1 As Sven Wolferman notes on Twitter and in the comments, there are false positives on some mobile devices. Looks like we need some additional browser sniffing to get correct behavior, which is odd. (It’s still a very niche problem, so your mileage to support those mobiles may vary.)

The “old, grumpy man of accessibility”, John Foliot blogged about the problem of people being locked-in in browsers and their versions. He also mentions the topic of some people who are not helped by the words “just upgrade to the latest version”:

The latest incident that sparked my frustration comes from a DM exchange I had with a colleague on twitter, where I commented that using justified text has some fairly serious accessibility issues for Dyslexics and some screen magnifier users, who will often see the enlarged white-spaces between words in the justified text, rather than the words themselves. The phenomenon is well known, and is referred to as “Rivers of White”.

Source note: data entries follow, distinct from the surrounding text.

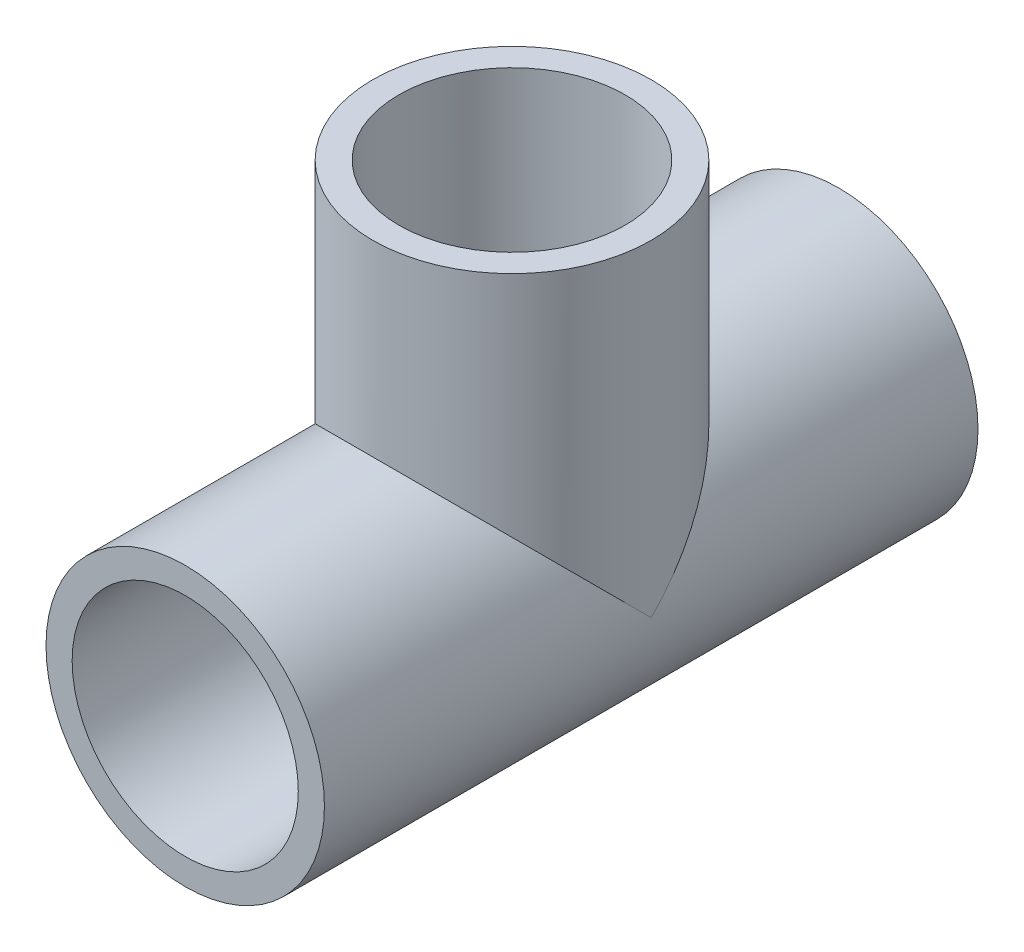
ISO-10303-21;
HEADER;
FILE_DESCRIPTION(('STEP AP214'),'2;1');
FILE_NAME('part.step','',(''),(''),'','','');
FILE_SCHEMA(('AUTOMOTIVE_DESIGN { 1 0 10303 214 1 1 1 1 }'));
ENDSEC;
DATA;
#1=APPLICATION_CONTEXT('core data for automotive mechanical design processes');
#2=APPLICATION_PROTOCOL_DEFINITION('international standard','automotive_design',2000,#1);
#3=PRODUCT_CONTEXT('',#1,'mechanical');
#4=PRODUCT('Part','Part','',(#3));
#5=PRODUCT_RELATED_PRODUCT_CATEGORY('part','',(#4));
#6=PRODUCT_DEFINITION_FORMATION('','',#4);
#7=PRODUCT_DEFINITION_CONTEXT('part definition',#1,'design');
#8=PRODUCT_DEFINITION('design','',#6,#7);
#9=PRODUCT_DEFINITION_SHAPE('','',#8);
#10=(LENGTH_UNIT() NAMED_UNIT(*) SI_UNIT(.MILLI.,.METRE.));
#11=(NAMED_UNIT(*) PLANE_ANGLE_UNIT() SI_UNIT($,.RADIAN.));
#12=(NAMED_UNIT(*) SI_UNIT($,.STERADIAN.) SOLID_ANGLE_UNIT());
#13=UNCERTAINTY_MEASURE_WITH_UNIT(LENGTH_MEASURE(1.E-05),#10,'distance_accuracy_value','');
#14=(GEOMETRIC_REPRESENTATION_CONTEXT(3) GLOBAL_UNCERTAINTY_ASSIGNED_CONTEXT((#13)) GLOBAL_UNIT_ASSIGNED_CONTEXT((#10,
#11,#12)) REPRESENTATION_CONTEXT('',''));
#15=CARTESIAN_POINT('',(0.,0.,0.));
#16=DIRECTION('',(0.,0.,1.));
#17=DIRECTION('',(1.,0.,0.));
#18=AXIS2_PLACEMENT_3D('',#15,#16,#17);
#19=CARTESIAN_POINT('',(0.,0.,-25.));
#20=DIRECTION('',(0.,0.,1.));
#21=DIRECTION('',(1.,0.,0.));
#22=AXIS2_PLACEMENT_3D('',#19,#20,#21);
#23=CYLINDRICAL_SURFACE('',#22,10.65);
#24=CARTESIAN_POINT('',(0.,0.,-25.));
#25=DIRECTION('',(0.,0.,1.));
#26=DIRECTION('',(1.,0.,0.));
#27=AXIS2_PLACEMENT_3D('',#24,#25,#26);
#28=CIRCLE('',#27,10.65);
#29=CARTESIAN_POINT('',(10.65,0.,-25.));
#30=VERTEX_POINT('',#29);
#31=EDGE_CURVE('E79',#30,#30,#28,.T.);
#32=ORIENTED_EDGE('',*,*,#31,.T.);
#33=EDGE_LOOP('',(#32));
#34=FACE_BOUND('',#33,.T.);
#35=CARTESIAN_POINT('',(0.,0.,25.));
#36=DIRECTION('',(0.,0.,1.));
#37=DIRECTION('',(1.,0.,0.));
#38=AXIS2_PLACEMENT_3D('',#35,#36,#37);
#39=CIRCLE('',#38,10.65);
#40=CARTESIAN_POINT('',(10.65,0.,25.));
#41=VERTEX_POINT('',#40);
#42=EDGE_CURVE('E66',#41,#41,#39,.T.);
#43=ORIENTED_EDGE('',*,*,#42,.F.);
#44=EDGE_LOOP('',(#43));
#45=FACE_BOUND('',#44,.T.);
#46=CARTESIAN_POINT('',(0.,0.,0.));
#47=DIRECTION('',(0.,0.707106781186547,0.707106781186547));
#48=DIRECTION('',(0.,-0.707106781186547,0.707106781186547));
#49=AXIS2_PLACEMENT_3D('',#46,#47,#48);
#50=ELLIPSE('',#49,15.0613744392735,10.65);
#51=CARTESIAN_POINT('',(-10.65,0.,0.));
#52=VERTEX_POINT('',#51);
#53=CARTESIAN_POINT('',(10.65,0.,0.));
#54=VERTEX_POINT('',#53);
#55=EDGE_CURVE('E40',#52,#54,#50,.F.);
#56=ORIENTED_EDGE('',*,*,#55,.T.);
#57=CARTESIAN_POINT('',(0.,0.,0.));
#58=DIRECTION('',(0.,-0.707106781186547,0.707106781186547));
#59=DIRECTION('',(0.,0.707106781186547,0.707106781186547));
#60=AXIS2_PLACEMENT_3D('',#57,#58,#59);
#61=ELLIPSE('',#60,15.0613744392735,10.65);
#62=EDGE_CURVE('E11',#54,#52,#61,.T.);
#63=ORIENTED_EDGE('',*,*,#62,.T.);
#64=EDGE_LOOP('',(#56,#63));
#65=FACE_BOUND('',#64,.T.);
#66=ADVANCED_FACE('F33',(#34,#45,#65),#23,.T.);
#67=CARTESIAN_POINT('',(0.,0.,-25.));
#68=DIRECTION('',(0.,0.,1.));
#69=DIRECTION('',(1.,0.,0.));
#70=AXIS2_PLACEMENT_3D('',#67,#68,#69);
#71=PLANE('',#70);
#72=CARTESIAN_POINT('',(0.,0.,-25.));
#73=DIRECTION('',(0.,0.,1.));
#74=DIRECTION('',(1.,0.,0.));
#75=AXIS2_PLACEMENT_3D('',#72,#73,#74);
#76=CIRCLE('',#75,8.65);
#77=CARTESIAN_POINT('',(8.65,0.,-25.));
#78=VERTEX_POINT('',#77);
#79=EDGE_CURVE('E59',#78,#78,#76,.T.);
#80=ORIENTED_EDGE('',*,*,#79,.T.);
#81=EDGE_LOOP('',(#80));
#82=FACE_BOUND('',#81,.T.);
#83=ORIENTED_EDGE('',*,*,#31,.F.);
#84=EDGE_LOOP('',(#83));
#85=FACE_BOUND('',#84,.T.);
#86=ADVANCED_FACE('F83',(#82,#85),#71,.F.);
#87=CARTESIAN_POINT('',(0.,0.,25.));
#88=DIRECTION('',(0.,0.,-1.));
#89=DIRECTION('',(1.,0.,0.));
#90=AXIS2_PLACEMENT_3D('',#87,#88,#89);
#91=PLANE('',#90);
#92=CARTESIAN_POINT('',(0.,0.,25.));
#93=DIRECTION('',(0.,0.,-1.));
#94=DIRECTION('',(-1.,0.,0.));
#95=AXIS2_PLACEMENT_3D('',#92,#93,#94);
#96=CIRCLE('',#95,8.65);
#97=CARTESIAN_POINT('',(-8.65,0.,25.));
#98=VERTEX_POINT('',#97);
#99=EDGE_CURVE('E71',#98,#98,#96,.F.);
#100=ORIENTED_EDGE('',*,*,#99,.F.);
#101=EDGE_LOOP('',(#100));
#102=FACE_BOUND('',#101,.T.);
#103=ORIENTED_EDGE('',*,*,#42,.T.);
#104=EDGE_LOOP('',(#103));
#105=FACE_BOUND('',#104,.T.);
#106=ADVANCED_FACE('F88',(#102,#105),#91,.F.);
#107=CARTESIAN_POINT('',(0.,25.,0.));
#108=DIRECTION('',(0.,-1.,0.));
#109=DIRECTION('',(0.,0.,-1.));
#110=AXIS2_PLACEMENT_3D('',#107,#108,#109);
#111=CYLINDRICAL_SURFACE('',#110,10.65);
#112=ORIENTED_EDGE('',*,*,#62,.F.);
#113=ORIENTED_EDGE('',*,*,#55,.F.);
#114=EDGE_LOOP('',(#112,#113));
#115=FACE_BOUND('',#114,.T.);
#116=CARTESIAN_POINT('',(0.,25.,0.));
#117=DIRECTION('',(0.,1.,0.));
#118=DIRECTION('',(0.,0.,1.));
#119=AXIS2_PLACEMENT_3D('',#116,#117,#118);
#120=CIRCLE('',#119,10.65);
#121=CARTESIAN_POINT('',(0.,25.,10.65));
#122=VERTEX_POINT('',#121);
#123=EDGE_CURVE('E63',#122,#122,#120,.T.);
#124=ORIENTED_EDGE('',*,*,#123,.F.);
#125=EDGE_LOOP('',(#124));
#126=FACE_BOUND('',#125,.T.);
#127=ADVANCED_FACE('F95',(#115,#126),#111,.T.);
#128=CARTESIAN_POINT('',(0.,25.,0.));
#129=DIRECTION('',(0.,1.,0.));
#130=DIRECTION('',(0.,0.,1.));
#131=AXIS2_PLACEMENT_3D('',#128,#129,#130);
#132=PLANE('',#131);
#133=CARTESIAN_POINT('',(0.,25.,0.));
#134=DIRECTION('',(0.,1.,0.));
#135=DIRECTION('',(0.,0.,1.));
#136=AXIS2_PLACEMENT_3D('',#133,#134,#135);
#137=CIRCLE('',#136,8.65);
#138=CARTESIAN_POINT('',(0.,25.,8.65));
#139=VERTEX_POINT('',#138);
#140=EDGE_CURVE('E74',#139,#139,#137,.T.);
#141=ORIENTED_EDGE('',*,*,#140,.F.);
#142=EDGE_LOOP('',(#141));
#143=FACE_BOUND('',#142,.T.);
#144=ORIENTED_EDGE('',*,*,#123,.T.);
#145=EDGE_LOOP('',(#144));
#146=FACE_BOUND('',#145,.T.);
#147=ADVANCED_FACE('F101',(#143,#146),#132,.T.);
#148=CARTESIAN_POINT('',(0.,0.,-25.));
#149=DIRECTION('',(0.,0.,1.));
#150=DIRECTION('',(1.,0.,0.));
#151=AXIS2_PLACEMENT_3D('',#148,#149,#150);
#152=CYLINDRICAL_SURFACE('',#151,8.65);
#153=ORIENTED_EDGE('',*,*,#79,.F.);
#154=EDGE_LOOP('',(#153));
#155=FACE_BOUND('',#154,.T.);
#156=ORIENTED_EDGE('',*,*,#99,.T.);
#157=EDGE_LOOP('',(#156));
#158=FACE_BOUND('',#157,.T.);
#159=CARTESIAN_POINT('',(0.,0.,0.));
#160=DIRECTION('',(0.,0.707106781186547,0.707106781186547));
#161=DIRECTION('',(0.,-0.707106781186547,0.707106781186547));
#162=AXIS2_PLACEMENT_3D('',#159,#160,#161);
#163=ELLIPSE('',#162,12.2329473145273,8.65);
#164=CARTESIAN_POINT('',(-8.65,0.,0.));
#165=VERTEX_POINT('',#164);
#166=CARTESIAN_POINT('',(8.65,0.,0.));
#167=VERTEX_POINT('',#166);
#168=EDGE_CURVE('E54',#165,#167,#163,.F.);
#169=ORIENTED_EDGE('',*,*,#168,.F.);
#170=CARTESIAN_POINT('',(0.,0.,0.));
#171=DIRECTION('',(0.,-0.707106781186547,0.707106781186547));
#172=DIRECTION('',(0.,0.707106781186547,0.707106781186547));
#173=AXIS2_PLACEMENT_3D('',#170,#171,#172);
#174=ELLIPSE('',#173,12.2329473145273,8.65);
#175=EDGE_CURVE('E57',#167,#165,#174,.T.);
#176=ORIENTED_EDGE('',*,*,#175,.F.);
#177=EDGE_LOOP('',(#169,#176));
#178=FACE_BOUND('',#177,.T.);
#179=ADVANCED_FACE('F56',(#155,#158,#178),#152,.F.);
#180=CARTESIAN_POINT('',(0.,25.,0.));
#181=DIRECTION('',(0.,-1.,0.));
#182=DIRECTION('',(0.,0.,-1.));
#183=AXIS2_PLACEMENT_3D('',#180,#181,#182);
#184=CYLINDRICAL_SURFACE('',#183,8.65);
#185=ORIENTED_EDGE('',*,*,#175,.T.);
#186=ORIENTED_EDGE('',*,*,#168,.T.);
#187=EDGE_LOOP('',(#185,#186));
#188=FACE_BOUND('',#187,.T.);
#189=ORIENTED_EDGE('',*,*,#140,.T.);
#190=EDGE_LOOP('',(#189));
#191=FACE_BOUND('',#190,.T.);
#192=ADVANCED_FACE('F61',(#188,#191),#184,.F.);
#193=CLOSED_SHELL('',(#66,#86,#106,#127,#147,#179,#192));
#194=MANIFOLD_SOLID_BREP('B2',#193);
#195=ADVANCED_BREP_SHAPE_REPRESENTATION('',(#18,#194),#14);
#196=SHAPE_DEFINITION_REPRESENTATION(#9,#195);
ENDSEC;
END-ISO-10303-21;
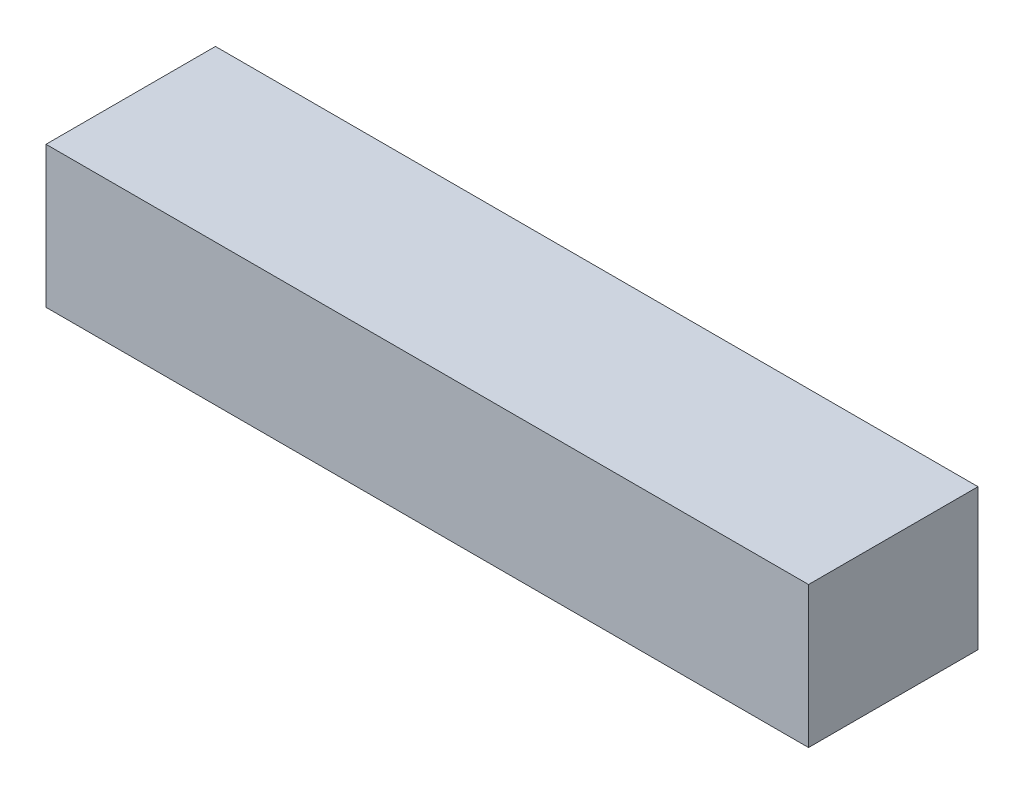
ISO-10303-21;
HEADER;
FILE_DESCRIPTION(('STEP AP214'),'2;1');
FILE_NAME('part.step','',(''),(''),'','','');
FILE_SCHEMA(('AUTOMOTIVE_DESIGN { 1 0 10303 214 1 1 1 1 }'));
ENDSEC;
DATA;
#1=APPLICATION_CONTEXT('core data for automotive mechanical design processes');
#2=APPLICATION_PROTOCOL_DEFINITION('international standard','automotive_design',2000,#1);
#3=PRODUCT_CONTEXT('',#1,'mechanical');
#4=PRODUCT('Part','Part','',(#3));
#5=PRODUCT_RELATED_PRODUCT_CATEGORY('part','',(#4));
#6=PRODUCT_DEFINITION_FORMATION('','',#4);
#7=PRODUCT_DEFINITION_CONTEXT('part definition',#1,'design');
#8=PRODUCT_DEFINITION('design','',#6,#7);
#9=PRODUCT_DEFINITION_SHAPE('','',#8);
#10=(LENGTH_UNIT() NAMED_UNIT(*) SI_UNIT(.MILLI.,.METRE.));
#11=(NAMED_UNIT(*) PLANE_ANGLE_UNIT() SI_UNIT($,.RADIAN.));
#12=(NAMED_UNIT(*) SI_UNIT($,.STERADIAN.) SOLID_ANGLE_UNIT());
#13=UNCERTAINTY_MEASURE_WITH_UNIT(LENGTH_MEASURE(1.E-05),#10,'distance_accuracy_value','');
#14=(GEOMETRIC_REPRESENTATION_CONTEXT(3) GLOBAL_UNCERTAINTY_ASSIGNED_CONTEXT((#13)) GLOBAL_UNIT_ASSIGNED_CONTEXT((#10,
#11,#12)) REPRESENTATION_CONTEXT('',''));
#15=CARTESIAN_POINT('',(0.,0.,0.));
#16=DIRECTION('',(0.,0.,1.));
#17=DIRECTION('',(1.,0.,0.));
#18=AXIS2_PLACEMENT_3D('',#15,#16,#17);
#19=CARTESIAN_POINT('',(0.,5.,0.));
#20=DIRECTION('',(1.,0.,0.));
#21=DIRECTION('',(0.,0.,-1.));
#22=AXIS2_PLACEMENT_3D('',#19,#20,#21);
#23=PLANE('',#22);
#24=DIRECTION('',(0.,0.,1.));
#25=VECTOR('',#24,1.);
#26=CARTESIAN_POINT('',(0.,0.,0.));
#27=LINE('',#26,#25);
#28=CARTESIAN_POINT('',(0.,0.,0.));
#29=VERTEX_POINT('',#28);
#30=CARTESIAN_POINT('',(0.,0.,6.));
#31=VERTEX_POINT('',#30);
#32=EDGE_CURVE('E100',#29,#31,#27,.T.);
#33=ORIENTED_EDGE('',*,*,#32,.T.);
#34=DIRECTION('',(0.,-1.,0.));
#35=VECTOR('',#34,1.);
#36=CARTESIAN_POINT('',(0.,5.,6.));
#37=LINE('',#36,#35);
#38=CARTESIAN_POINT('',(0.,5.,6.));
#39=VERTEX_POINT('',#38);
#40=EDGE_CURVE('E11',#39,#31,#37,.T.);
#41=ORIENTED_EDGE('',*,*,#40,.F.);
#42=DIRECTION('',(0.,0.,1.));
#43=VECTOR('',#42,1.);
#44=CARTESIAN_POINT('',(0.,5.,0.));
#45=LINE('',#44,#43);
#46=CARTESIAN_POINT('',(0.,5.,0.));
#47=VERTEX_POINT('',#46);
#48=EDGE_CURVE('E88',#47,#39,#45,.T.);
#49=ORIENTED_EDGE('',*,*,#48,.F.);
#50=DIRECTION('',(0.,-1.,0.));
#51=VECTOR('',#50,1.);
#52=CARTESIAN_POINT('',(0.,5.,0.));
#53=LINE('',#52,#51);
#54=EDGE_CURVE('E96',#47,#29,#53,.T.);
#55=ORIENTED_EDGE('',*,*,#54,.T.);
#56=EDGE_LOOP('',(#33,#41,#49,#55));
#57=FACE_BOUND('',#56,.T.);
#58=ADVANCED_FACE('F37',(#57),#23,.F.);
#59=CARTESIAN_POINT('',(0.,5.,6.));
#60=DIRECTION('',(0.,0.,-1.));
#61=DIRECTION('',(-1.,0.,0.));
#62=AXIS2_PLACEMENT_3D('',#59,#60,#61);
#63=PLANE('',#62);
#64=DIRECTION('',(1.,0.,0.));
#65=VECTOR('',#64,1.);
#66=CARTESIAN_POINT('',(0.,0.,6.));
#67=LINE('',#66,#65);
#68=CARTESIAN_POINT('',(27.,0.,6.));
#69=VERTEX_POINT('',#68);
#70=EDGE_CURVE('E92',#31,#69,#67,.T.);
#71=ORIENTED_EDGE('',*,*,#70,.T.);
#72=DIRECTION('',(0.,-1.,0.));
#73=VECTOR('',#72,1.);
#74=CARTESIAN_POINT('',(27.,5.,6.));
#75=LINE('',#74,#73);
#76=CARTESIAN_POINT('',(27.,5.,6.));
#77=VERTEX_POINT('',#76);
#78=EDGE_CURVE('E45',#77,#69,#75,.T.);
#79=ORIENTED_EDGE('',*,*,#78,.F.);
#80=DIRECTION('',(1.,0.,0.));
#81=VECTOR('',#80,1.);
#82=CARTESIAN_POINT('',(0.,5.,6.));
#83=LINE('',#82,#81);
#84=EDGE_CURVE('E83',#39,#77,#83,.T.);
#85=ORIENTED_EDGE('',*,*,#84,.F.);
#86=ORIENTED_EDGE('',*,*,#40,.T.);
#87=EDGE_LOOP('',(#71,#79,#85,#86));
#88=FACE_BOUND('',#87,.T.);
#89=ADVANCED_FACE('F91',(#88),#63,.F.);
#90=CARTESIAN_POINT('',(27.,5.,0.));
#91=DIRECTION('',(-1.,0.,0.));
#92=DIRECTION('',(0.,0.,1.));
#93=AXIS2_PLACEMENT_3D('',#90,#91,#92);
#94=PLANE('',#93);
#95=DIRECTION('',(0.,0.,-1.));
#96=VECTOR('',#95,1.);
#97=CARTESIAN_POINT('',(27.,0.,0.));
#98=LINE('',#97,#96);
#99=CARTESIAN_POINT('',(27.,0.,0.));
#100=VERTEX_POINT('',#99);
#101=EDGE_CURVE('E70',#69,#100,#98,.T.);
#102=ORIENTED_EDGE('',*,*,#101,.T.);
#103=DIRECTION('',(0.,-1.,0.));
#104=VECTOR('',#103,1.);
#105=CARTESIAN_POINT('',(27.,5.,0.));
#106=LINE('',#105,#104);
#107=CARTESIAN_POINT('',(27.,5.,0.));
#108=VERTEX_POINT('',#107);
#109=EDGE_CURVE('E93',#108,#100,#106,.T.);
#110=ORIENTED_EDGE('',*,*,#109,.F.);
#111=DIRECTION('',(0.,0.,-1.));
#112=VECTOR('',#111,1.);
#113=CARTESIAN_POINT('',(27.,5.,0.));
#114=LINE('',#113,#112);
#115=EDGE_CURVE('E86',#77,#108,#114,.T.);
#116=ORIENTED_EDGE('',*,*,#115,.F.);
#117=ORIENTED_EDGE('',*,*,#78,.T.);
#118=EDGE_LOOP('',(#102,#110,#116,#117));
#119=FACE_BOUND('',#118,.T.);
#120=ADVANCED_FACE('F94',(#119),#94,.F.);
#121=CARTESIAN_POINT('',(0.,5.,0.));
#122=DIRECTION('',(0.,0.,1.));
#123=DIRECTION('',(1.,0.,0.));
#124=AXIS2_PLACEMENT_3D('',#121,#122,#123);
#125=PLANE('',#124);
#126=DIRECTION('',(-1.,0.,0.));
#127=VECTOR('',#126,1.);
#128=CARTESIAN_POINT('',(0.,0.,0.));
#129=LINE('',#128,#127);
#130=EDGE_CURVE('E76',#100,#29,#129,.T.);
#131=ORIENTED_EDGE('',*,*,#130,.T.);
#132=ORIENTED_EDGE('',*,*,#54,.F.);
#133=DIRECTION('',(-1.,0.,0.));
#134=VECTOR('',#133,1.);
#135=CARTESIAN_POINT('',(0.,5.,0.));
#136=LINE('',#135,#134);
#137=EDGE_CURVE('E53',#108,#47,#136,.T.);
#138=ORIENTED_EDGE('',*,*,#137,.F.);
#139=ORIENTED_EDGE('',*,*,#109,.T.);
#140=EDGE_LOOP('',(#131,#132,#138,#139));
#141=FACE_BOUND('',#140,.T.);
#142=ADVANCED_FACE('F107',(#141),#125,.F.);
#143=CARTESIAN_POINT('',(0.,5.,0.));
#144=DIRECTION('',(0.,1.,0.));
#145=DIRECTION('',(0.,0.,1.));
#146=AXIS2_PLACEMENT_3D('',#143,#144,#145);
#147=PLANE('',#146);
#148=ORIENTED_EDGE('',*,*,#48,.T.);
#149=ORIENTED_EDGE('',*,*,#84,.T.);
#150=ORIENTED_EDGE('',*,*,#115,.T.);
#151=ORIENTED_EDGE('',*,*,#137,.T.);
#152=EDGE_LOOP('',(#148,#149,#150,#151));
#153=FACE_BOUND('',#152,.T.);
#154=ADVANCED_FACE('F84',(#153),#147,.T.);
#155=CARTESIAN_POINT('',(0.,0.,0.));
#156=DIRECTION('',(0.,1.,0.));
#157=DIRECTION('',(0.,0.,1.));
#158=AXIS2_PLACEMENT_3D('',#155,#156,#157);
#159=PLANE('',#158);
#160=ORIENTED_EDGE('',*,*,#32,.F.);
#161=ORIENTED_EDGE('',*,*,#130,.F.);
#162=ORIENTED_EDGE('',*,*,#101,.F.);
#163=ORIENTED_EDGE('',*,*,#70,.F.);
#164=EDGE_LOOP('',(#160,#161,#162,#163));
#165=FACE_BOUND('',#164,.T.);
#166=ADVANCED_FACE('F110',(#165),#159,.F.);
#167=CLOSED_SHELL('',(#58,#89,#120,#142,#154,#166));
#168=MANIFOLD_SOLID_BREP('B2',#167);
#169=ADVANCED_BREP_SHAPE_REPRESENTATION('',(#18,#168),#14);
#170=SHAPE_DEFINITION_REPRESENTATION(#9,#169);
ENDSEC;
END-ISO-10303-21;

When I pointed out this problem, my colleague replied “I am using (CSS3) hyphenation — for browsers that support it.” followed by “Graceful degradation is that the text is still fully readable in older browsers. Dyslexics can always upgrade.“

It’s right, they can update, but it won’t help them, they need left-justified text, often hyphenation doesn’t even help people with disabilities – for example in Easy Read German (ERG) you aren’t even allowed to hyphenate words at all. At a recent client project we had different languages for Standard German and ERG, and we opted to use CSS3 hyphenation for body text only in the Standard version.

If there’s only one language version, I personally think left-aligned text and hyphenation is a good fit and works reasonably well. I’d however like if browsers would allow people to switch those features on and off at their own will, as they are allowed to specify their personal base font size or minimal font size. Having justification isn’t wrong, that people with special needs can’t turn them off at their own will is.

We need more empowerment of the diversity of platforms, browsers and users. All those settings should be revealed by default and shown front and center, not hidden behind some geeky stuff like user stylesheets. That would make the world a better and more accessible place.

Reader’s question:

First, I don’t think that just using any boilerplate works well in this day and age, where responsive designs dominate the interest of developers around the globe. But there are better and worse parts in boilerplates themselves. I, for example, often reference HTML5 Boilerplate for certain techniques, especially .htaccess stuff because I have a hard time to remember these. I use their technique for hiding stuff from sighted users as well but don’t use the rest of their markup or CSS.

Relatively new is HTML5Bones by Ian Devlin which, again, I advice against using without knowing its inner workings, but Ian does a great job to describe every element and every feature in detail. It’s more like a learning experience than a copy & paste starter for your web site.

Basically, I think boilerplates are the beginning of the journey to the website, not the end. I find it really annoying if I see yet another Twitter Bootstrap site popping up, where you see that no or little time was invested to see if the framework is actually a good fit for the page. There are so many content web sites which use bootstrap although it’s a framework for a web application (and in my opinion not a very good one at that).